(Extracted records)
┌──

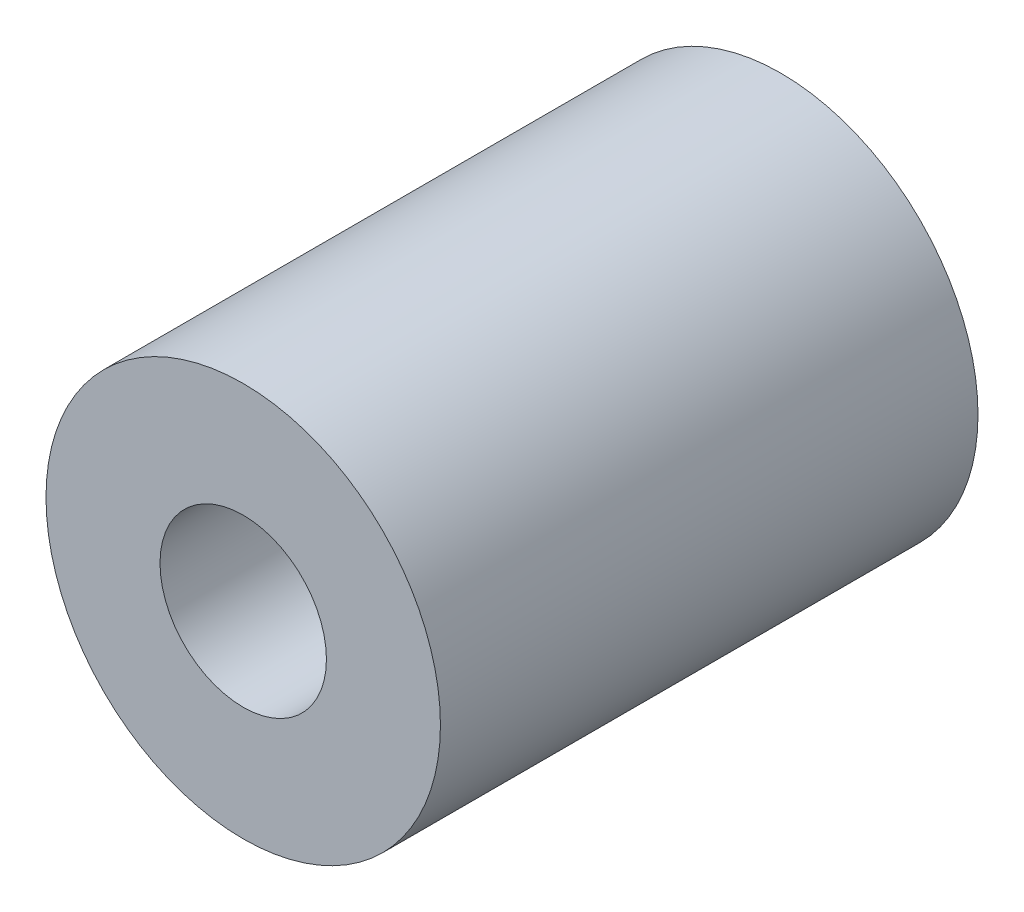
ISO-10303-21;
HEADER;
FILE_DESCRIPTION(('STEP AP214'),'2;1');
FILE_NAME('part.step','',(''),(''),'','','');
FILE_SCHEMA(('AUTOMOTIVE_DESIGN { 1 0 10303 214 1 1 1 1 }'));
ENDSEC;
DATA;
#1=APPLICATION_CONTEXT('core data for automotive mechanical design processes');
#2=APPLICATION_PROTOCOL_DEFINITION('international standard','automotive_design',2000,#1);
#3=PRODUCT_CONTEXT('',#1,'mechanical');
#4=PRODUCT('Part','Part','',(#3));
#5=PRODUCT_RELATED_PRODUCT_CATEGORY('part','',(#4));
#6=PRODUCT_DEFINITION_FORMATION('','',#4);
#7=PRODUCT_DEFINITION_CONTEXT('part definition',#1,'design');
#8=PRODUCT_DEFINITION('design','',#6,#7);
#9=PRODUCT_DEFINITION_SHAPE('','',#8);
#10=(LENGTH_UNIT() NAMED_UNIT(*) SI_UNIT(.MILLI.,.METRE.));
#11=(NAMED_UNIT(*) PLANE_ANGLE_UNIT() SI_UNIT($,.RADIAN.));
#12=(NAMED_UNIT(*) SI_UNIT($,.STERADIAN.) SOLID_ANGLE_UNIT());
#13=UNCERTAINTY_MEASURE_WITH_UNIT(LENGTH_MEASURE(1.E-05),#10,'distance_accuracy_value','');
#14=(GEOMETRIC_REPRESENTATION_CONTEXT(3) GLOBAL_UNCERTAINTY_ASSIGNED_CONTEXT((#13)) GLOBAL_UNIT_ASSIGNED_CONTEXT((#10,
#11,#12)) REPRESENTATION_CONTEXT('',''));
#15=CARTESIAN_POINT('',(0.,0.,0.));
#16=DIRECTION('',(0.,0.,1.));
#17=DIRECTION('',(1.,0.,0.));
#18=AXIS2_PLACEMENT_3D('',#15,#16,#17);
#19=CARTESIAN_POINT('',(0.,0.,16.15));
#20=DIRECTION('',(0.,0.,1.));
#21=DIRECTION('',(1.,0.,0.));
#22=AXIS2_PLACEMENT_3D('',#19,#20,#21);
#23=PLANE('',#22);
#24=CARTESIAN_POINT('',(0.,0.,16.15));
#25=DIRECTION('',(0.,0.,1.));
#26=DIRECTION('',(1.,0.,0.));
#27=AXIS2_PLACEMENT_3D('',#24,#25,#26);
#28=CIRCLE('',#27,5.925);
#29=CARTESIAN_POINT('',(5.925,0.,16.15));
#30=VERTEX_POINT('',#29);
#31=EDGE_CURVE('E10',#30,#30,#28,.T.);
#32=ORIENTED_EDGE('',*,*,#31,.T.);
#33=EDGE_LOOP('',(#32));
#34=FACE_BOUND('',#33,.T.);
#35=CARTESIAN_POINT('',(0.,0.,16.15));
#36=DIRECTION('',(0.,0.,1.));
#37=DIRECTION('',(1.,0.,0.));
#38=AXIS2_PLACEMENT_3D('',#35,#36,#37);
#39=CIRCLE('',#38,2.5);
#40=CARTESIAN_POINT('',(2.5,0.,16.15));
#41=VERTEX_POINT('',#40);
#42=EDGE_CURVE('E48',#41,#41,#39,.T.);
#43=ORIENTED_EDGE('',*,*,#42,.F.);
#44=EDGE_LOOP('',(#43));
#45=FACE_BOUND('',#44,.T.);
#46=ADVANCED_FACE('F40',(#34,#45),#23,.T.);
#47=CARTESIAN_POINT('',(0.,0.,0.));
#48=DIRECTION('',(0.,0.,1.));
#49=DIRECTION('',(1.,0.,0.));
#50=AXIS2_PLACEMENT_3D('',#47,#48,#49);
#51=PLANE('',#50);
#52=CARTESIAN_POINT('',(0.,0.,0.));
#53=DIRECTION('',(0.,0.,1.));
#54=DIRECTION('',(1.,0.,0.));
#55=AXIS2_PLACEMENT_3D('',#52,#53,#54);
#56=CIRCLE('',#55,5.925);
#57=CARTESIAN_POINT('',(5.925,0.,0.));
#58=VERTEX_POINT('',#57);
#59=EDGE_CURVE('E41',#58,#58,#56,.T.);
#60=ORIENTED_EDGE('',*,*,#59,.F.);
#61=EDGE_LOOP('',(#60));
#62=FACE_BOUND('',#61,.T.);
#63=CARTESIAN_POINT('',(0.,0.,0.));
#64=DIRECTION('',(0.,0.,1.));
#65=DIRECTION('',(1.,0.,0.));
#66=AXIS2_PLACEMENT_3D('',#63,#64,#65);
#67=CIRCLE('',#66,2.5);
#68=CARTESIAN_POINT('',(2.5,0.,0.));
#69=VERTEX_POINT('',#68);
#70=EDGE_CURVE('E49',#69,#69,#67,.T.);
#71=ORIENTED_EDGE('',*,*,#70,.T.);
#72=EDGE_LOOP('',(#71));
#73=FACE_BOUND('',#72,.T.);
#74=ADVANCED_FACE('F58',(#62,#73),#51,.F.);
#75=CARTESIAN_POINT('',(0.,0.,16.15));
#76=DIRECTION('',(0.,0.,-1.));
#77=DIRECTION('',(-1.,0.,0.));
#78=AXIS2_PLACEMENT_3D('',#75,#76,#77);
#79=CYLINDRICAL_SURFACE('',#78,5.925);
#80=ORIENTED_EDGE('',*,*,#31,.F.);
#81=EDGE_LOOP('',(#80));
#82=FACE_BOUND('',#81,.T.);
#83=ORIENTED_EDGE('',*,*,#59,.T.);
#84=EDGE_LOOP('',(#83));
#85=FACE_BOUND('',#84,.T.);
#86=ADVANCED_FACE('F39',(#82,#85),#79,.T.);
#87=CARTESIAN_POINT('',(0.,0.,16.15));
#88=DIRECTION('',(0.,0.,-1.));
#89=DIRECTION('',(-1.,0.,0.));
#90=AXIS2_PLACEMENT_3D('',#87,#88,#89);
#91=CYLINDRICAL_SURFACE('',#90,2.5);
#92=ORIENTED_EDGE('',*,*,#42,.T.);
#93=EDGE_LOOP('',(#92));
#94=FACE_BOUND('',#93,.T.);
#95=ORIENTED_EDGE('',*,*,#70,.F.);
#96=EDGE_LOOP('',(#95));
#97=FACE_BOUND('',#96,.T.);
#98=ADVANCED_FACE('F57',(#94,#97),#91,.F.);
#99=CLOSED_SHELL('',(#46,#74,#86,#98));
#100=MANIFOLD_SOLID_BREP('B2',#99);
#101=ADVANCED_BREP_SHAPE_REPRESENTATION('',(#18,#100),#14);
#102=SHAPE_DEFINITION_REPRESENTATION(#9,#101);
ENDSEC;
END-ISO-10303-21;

└──

Write out word for word every line from the one containing "#97=FACE_BOUND('',#96,.T.);" through the last line of the data, and no other line.

§ ANSWER SECTION
#97=FACE_BOUND('',#96,.T.);
#98=ADVANCED_FACE('F57',(#94,#97),#91,.F.);
#99=CLOSED_SHELL('',(#46,#74,#86,#98));
#100=MANIFOLD_SOLID_BREP('B2',#99);
#101=ADVANCED_BREP_SHAPE_REPRESENTATION('',(#18,#100),#14);
#102=SHAPE_DEFINITION_REPRESENTATION(#9,#101);
ENDSEC;
END-ISO-10303-21;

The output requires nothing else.